E-Learning ohne Effekt

SPD und GAL prangern geringen Nutzen der hochschulübergreifenden Multimediakontor GmbH an. Die sollte E-Learning-Produkte verkaufen, was nicht klappt, wie der Senat jetzt einräumt

VON KAIJA KUTTER

Die Opposition startet einen neuen Angriff auf Wissenschaftssenator Jörg Dräger (parteilos). Dieser hatte 2002 zu Zeiten der Internet-Euphorie eine Multimediakontor GmbH (MMKH) gründen lassen, die die damals sprießenden Fördergelder für E-Learning bündeln und die von Hochschulen in diesem Bereich entwickelte Software verkaufen sollte. Aus Sicht der SPD und GAL-HochschulexpertInnen Barbara Brüning und Heike Opitz schuf er damit eine „überflüssige Bürokratie“, die die Hochschulen nur Geld kostet.

„Die machen Messestände in ganz Deutschland und wir wissen nicht wofür“, bringt Opitz ihre Kritik auf den Punkt. „Ich frage mich“, ergänzt Brüning, „ob ich so eine GmbH haben muss, damit die Hochschulen E-Learning entwickeln. Können die das nicht selbständig machen?“

Denn schon heute organisierten die Hochschulen das E-Learning überwiegend selbst. Statt technischer Dienstleistungen böte das Kontor fast nur Beratung an. Die eigentliche Aufgabe, die Vermarktung von E-Learning-Produkten, könne das Kontor nicht erfüllen. Den Kosten für die 15 Mitarbeiter von mehreren Millionen Euro stünden nach vier Jahren Einnahmen von nicht einmal 300.000 Euro gegenüber.

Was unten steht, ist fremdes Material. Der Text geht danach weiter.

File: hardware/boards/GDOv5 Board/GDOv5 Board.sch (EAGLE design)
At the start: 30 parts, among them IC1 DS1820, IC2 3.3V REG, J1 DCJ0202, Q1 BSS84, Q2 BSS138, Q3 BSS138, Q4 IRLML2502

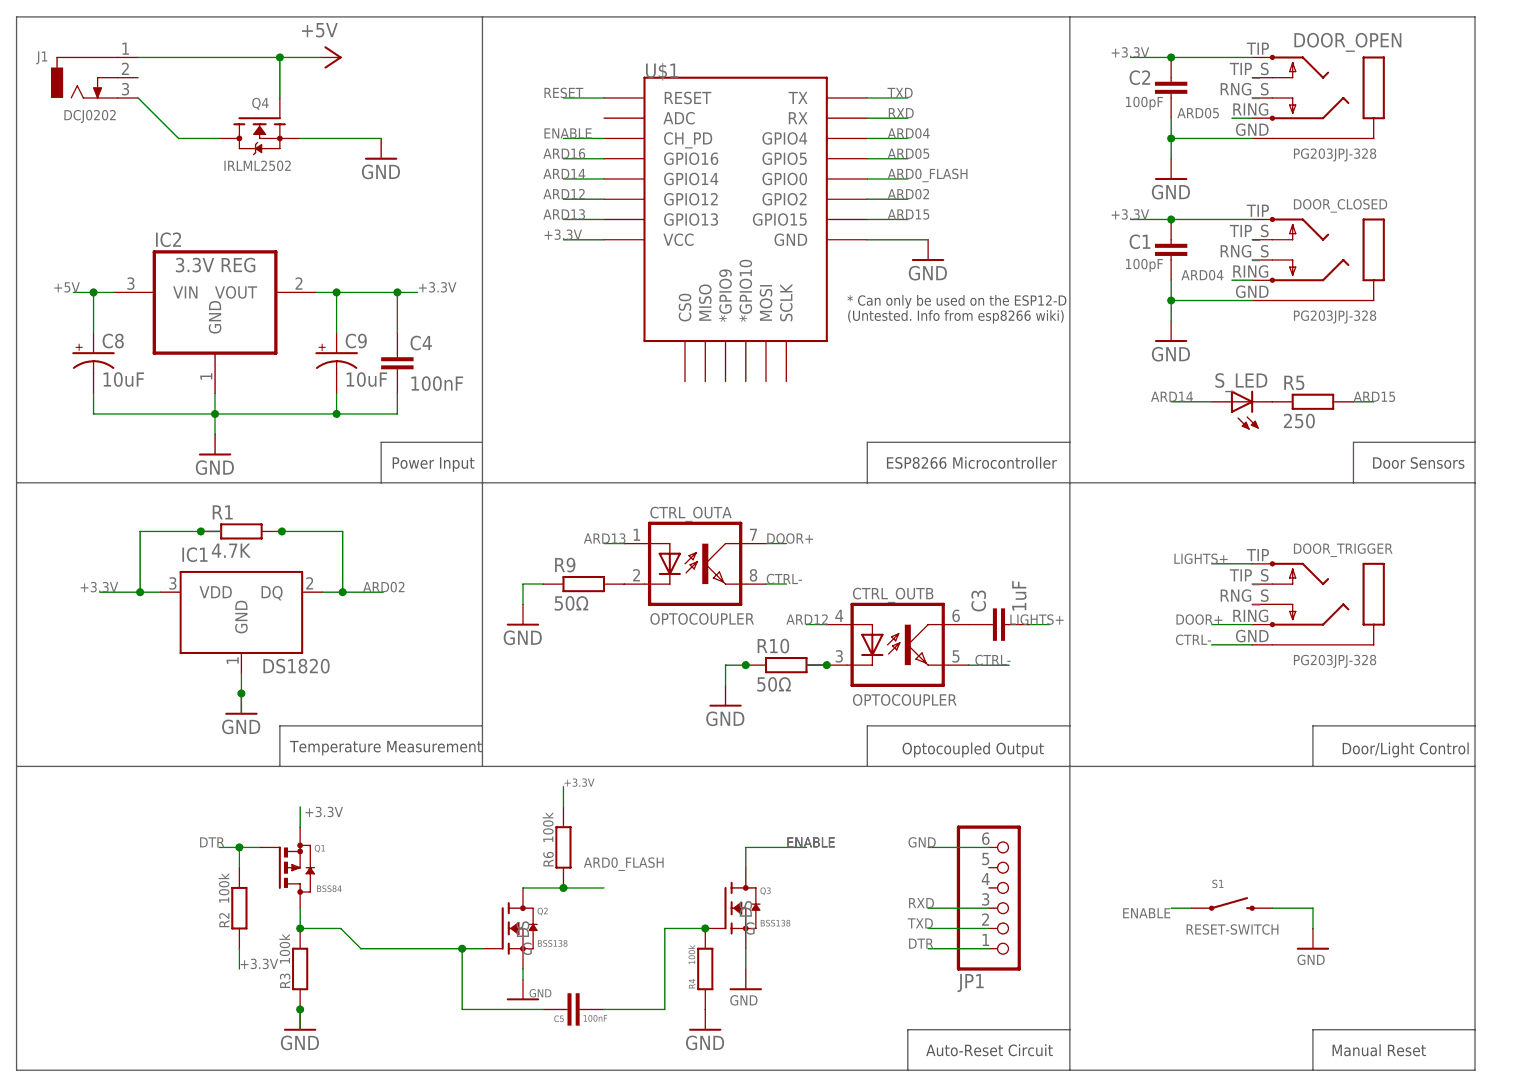
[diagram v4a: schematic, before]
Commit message: Updating board to better match prototype design
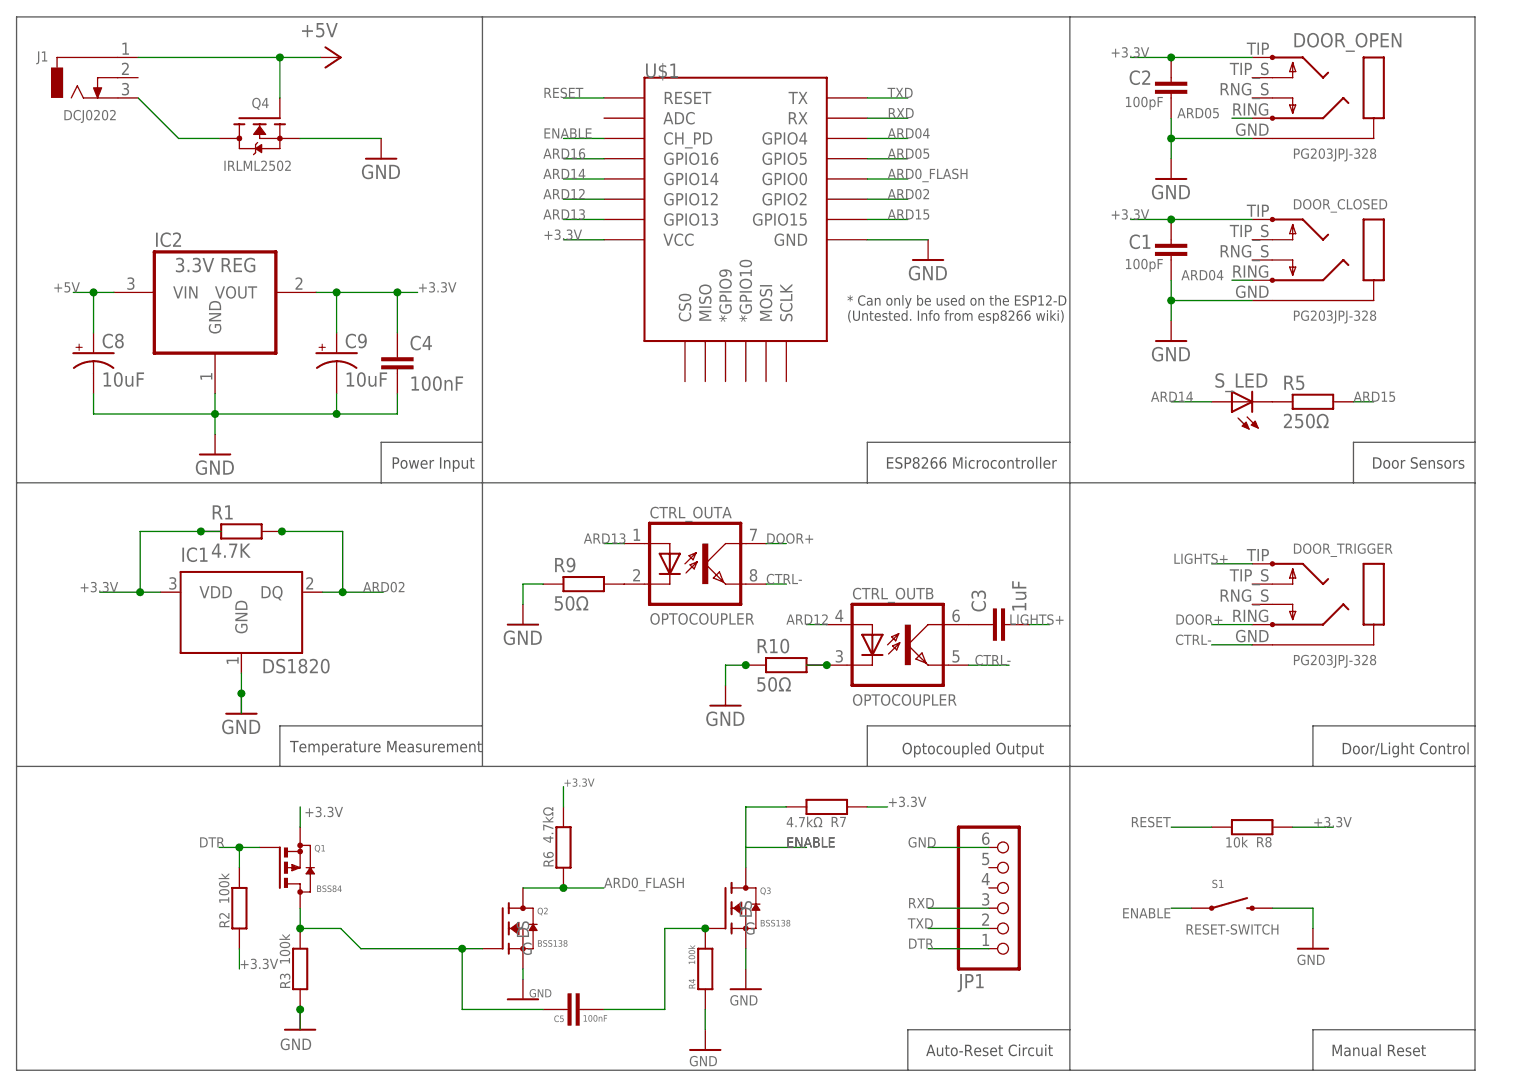
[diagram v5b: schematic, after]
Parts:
- added R7: 4.7kΩ, resistor:R-EU_M3216
- added R8: 10k, resistor:R-EU_M3216
- R5: value 250 -> 250Ω
- R6: value 100k -> 4.7kΩ
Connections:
- net +3.3V: now also R7.1, R8.1
- net ENABLE: now also R7.2
- net RESET: now also R8.2
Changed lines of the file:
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@@
 <part name="JP1" library="adafruit" deviceset="PINHD-1X6" device=""/>
 <part name="S_LED" library="adafruit" deviceset="LED" device="5MM"/>
-<part name="R5" library="resistor" deviceset="R-EU_" device="M3216" value="250"/>
+<part name="R5" library="resistor" deviceset="R-EU_" device="M3216" value="250Ω"/>
 <part name="GND12" library="supply1" deviceset="GND" device=""/>
 <part name="R9" library="resistor" deviceset="R-EU_" device="M3216" value="50Ω"/>
@@
 <part name="C5" library="resistor" deviceset="C-EU" device="C1206" value="100nF"/>
 <part name="R4" library="resistor" deviceset="R-EU_" device="M3216" value="100k"/>
-<part name="GND6" library="supply1" deviceset="GND" device=""/>
 <part name="GND8" library="supply1" deviceset="GND" device=""/>
 <part name="GND9" library="supply1" deviceset="GND" device=""/>
 <part name="GND10" library="supply1" deviceset="GND" device=""/>
-<part name="R6" library="resistor" deviceset="R-EU_" device="M3216" value="100k"/>
+<part name="R6" library="resistor" deviceset="R-EU_" device="M3216" value="4.7kΩ"/>
 <part name="S1" library="SparkFun-Electromechanical" deviceset="SWITCH-MOMENTARY-2" device="-SMD-1101NE" value="RESET-SWITCH"/>
 <part name="GND11" library="supply1" deviceset="GND" device=""/>
@@
 <part name="GND1" library="supply1" deviceset="GND" device=""/>
 <part name="Q4" library="bss138_10" deviceset="BSS138" device="" value="IRLML2502"/>
+<part name="R7" library="resistor" deviceset="R-EU_" device="M3216" value="4.7kΩ"/>
+<part name="R8" library="resistor" deviceset="R-EU_" device="M3216" value="10k"/>
+<part name="GND6" library="supply1" deviceset="GND" device=""/>
 </parts>
 <sheets>
@@
 <attribute name="VALUE" x="54.61" y="-4.572" size="0.8128" layer="96" rot="R90"/>
 </instance>
-<instance part="GND6" gate="1" x="55.88" y="-12.7" smashed="yes">
-<attribute name="VALUE" x="53.34" y="-15.24" size="1.778" layer="96"/>
-</instance>
 <instance part="GND8" gate="1" x="33.02" y="-8.89" smashed="yes">
 <attribute name="VALUE" x="33.782" y="-8.636" size="1.016" layer="96"/>
@@
 </instance>
 <instance part="GND10" gate="1" x="5.08" y="-12.7" smashed="yes">
-<attribute name="VALUE" x="2.54" y="-15.24" size="1.778" layer="96"/>
+<attribute name="VALUE" x="2.54" y="-15.24" size="1.4224" layer="96"/>
 </instance>
 <instance part="R6" gate="G$1" x="38.1" y="10.16" smashed="yes" rot="R90">
@@
 <attribute name="VALUE" x="-4.572" y="96.266" size="1.27" layer="96" rot="MR180"/>
 <attribute name="NAME" x="-1.016" y="104.14" size="1.27" layer="95" rot="MR180"/>
+</instance>
+<instance part="R7" gate="G$1" x="71.12" y="15.24" smashed="yes" rot="R180">
+<attribute name="NAME" x="73.66" y="13.9954" size="1.27" layer="95" rot="R180"/>
+<attribute name="VALUE" x="70.612" y="13.97" size="1.27" layer="96" rot="R180"/>
+</instance>
+<instance part="R8" gate="G$1" x="124.46" y="12.7" smashed="yes" rot="R180">
+<attribute name="NAME" x="127" y="11.4554" size="1.27" layer="95" rot="R180"/>
+<attribute name="VALUE" x="123.952" y="11.43" size="1.27" layer="96" rot="R180"/>
+</instance>
+<instance part="GND6" gate="1" x="55.88" y="-15.24" smashed="yes">
+<attribute name="VALUE" x="53.848" y="-17.272" size="1.27" layer="96"/>
 </instance>
 </instances>
@@
 </segment>
 <segment>
-<pinref part="R4" gate="G$1" pin="1"/>
-<pinref part="GND6" gate="1" pin="GND"/>
-</segment>
-<segment>
 <pinref part="Q2" gate="G$1" pin="S"/>
 <pinref part="GND8" gate="1" pin="GND"/>
@@
 <pinref part="GND1" gate="1" pin="GND"/>
 <wire x1="5.08" y1="99.06" x2="15.24" y2="99.06" width="0.1524" layer="91"/>
+</segment>
+<segment>
+<pinref part="R4" gate="G$1" pin="1"/>
+<wire x1="55.88" y1="-10.16" x2="55.88" y2="-12.7" width="0.1524" layer="91"/>
+<pinref part="GND6" gate="1" pin="GND"/>
 </segment>
 </net>
@@
 <label x="38.1" y="17.78" size="1.016" layer="95"/>
 </segment>
+<segment>
+<pinref part="R7" gate="G$1" pin="1"/>
+<wire x1="76.2" y1="15.24" x2="78.74" y2="15.24" width="0.1524" layer="91"/>
+<label x="78.74" y="15.24" size="1.27" layer="95"/>
+</segment>
+<segment>
+<pinref part="R8" gate="G$1" pin="1"/>
+<wire x1="129.54" y1="12.7" x2="134.62" y2="12.7" width="0.1524" layer="91"/>
+<label x="132.08" y="12.7" size="1.27" layer="95"/>
+</segment>
 </net>
 <net name="ARD05" class="0">
@@
 <pinref part="Q3" gate="G$1" pin="D"/>
 <wire x1="60.96" y1="7.62" x2="60.96" y2="10.16" width="0.1524" layer="91"/>
-<wire x1="60.96" y1="10.16" x2="68.58" y2="10.16" width="0.1524" layer="91"/>
 <label x="66.04" y="10.16" size="1.27" layer="95"/>
 <label x="66.04" y="10.16" size="1.27" layer="95"/>
+<wire x1="60.96" y1="10.16" x2="68.58" y2="10.16" width="0.1524" layer="91"/>
+<wire x1="60.96" y1="10.16" x2="60.96" y2="15.24" width="0.1524" layer="91"/>
+<wire x1="60.96" y1="15.24" x2="66.04" y2="15.24" width="0.1524" layer="91"/>
+<pinref part="R7" gate="G$1" pin="2"/>
 </segment>
 <segment>
@@
 <label x="35.56" y="104.14" size="1.27" layer="95"/>
 </segment>
+<segment>
+<wire x1="114.3" y1="12.7" x2="119.38" y2="12.7" width="0.1524" layer="91"/>
+<pinref part="R8" gate="G$1" pin="2"/>
+<label x="109.22" y="12.7" size="1.27" layer="95"/>
+</segment>
 </net>
 <net name="ARD15" class="0">
@@
 <pinref part="Q2" gate="G$1" pin="D"/>
 <wire x1="33.02" y1="5.08" x2="38.1" y2="5.08" width="0.1524" layer="91"/>
-<label x="40.64" y="7.62" size="1.27" layer="95"/>
+<label x="43.18" y="5.08" size="1.27" layer="95"/>
 <junction x="38.1" y="5.08"/>
 <wire x1="38.1" y1="5.08" x2="43.18" y2="5.08" width="0.1524" layer="91"/>

Aufmerksam geworden war Brüning, als sie Klagen der Fakultäten hörte, dass sie in diesem Jahr weniger Geld erhielten. Als sie schriftlich nachhakte, bestätigte ihr der Senat im Mai den Sachverhalt. Unter anderem liege dies „am Beitrag der Universität zur Weiterentwicklung des E-Learning“. Woraufhin Brüning eine zweite Anfrage stellte, in der sie genau wissen wollte, wie viel die insgesamt sechs Hochschulen ans Kontor bezahlen.

In der Tat zahlte die Uni Hamburg im Jahr 2006 368.000 und im Jahr 2007 mit 577.000 Euro fast doppelt so viel. Insgesamt überwiesen alle sechs Hamburger Hochschulen 980.000 Euro. Davon werden laut Senatsantwort aber nur 150.000 Euro für E-Learning-Aktivitäten ausgegeben. „Der Rest“, vermutet Opitz, fließe überwiegend in besagte Vermarktungsaktivitäten.

Zugleich räumt der Senat jetzt offen ein, dass sich die bei der Gründung gehegten Hoffnungen hinsichtlich der „kommerziellen Verwertbarkeit von E-Learning Produkten“ und der damit einhergehenden „Refinanzierung von Kosten“ nicht realisiert haben. Zum einen gebe es in Deutschland kein „nennenswertes Nachfragepotenzial“. Zum anderen würden die Hochschulen kaum Produkte herstellen, die sich für eine kommerzielle Vermarktung eignen.

Damit, so Brüning, ginge das Argument für die private Agentur verloren. Die Hochschulen sollten ihr Geld jetzt behalten dürfen und ihre Software selber entwickeln, unterstützt und koordiniert vom „Rechenzentrum“ der Universität, das gegenwärtig ohnehin vom Stadtrand auf den Campus zurück zieht.

Drägers Sprecherin Sabine Neumann weist die Vorwürfe zurück: Das Konzept für das Kontor stamme nicht von Dräger, sondern von dessen Vorgängerin Krista Sager (Grüne). Die Idee, beim E-Learning Kompetenz zu bündeln, sei „nach wie vor richtig“. Und es habe „nie die Erwartung bestanden, dass sich das MMKH durch Vermarktung seiner Produkte selbst trägt“.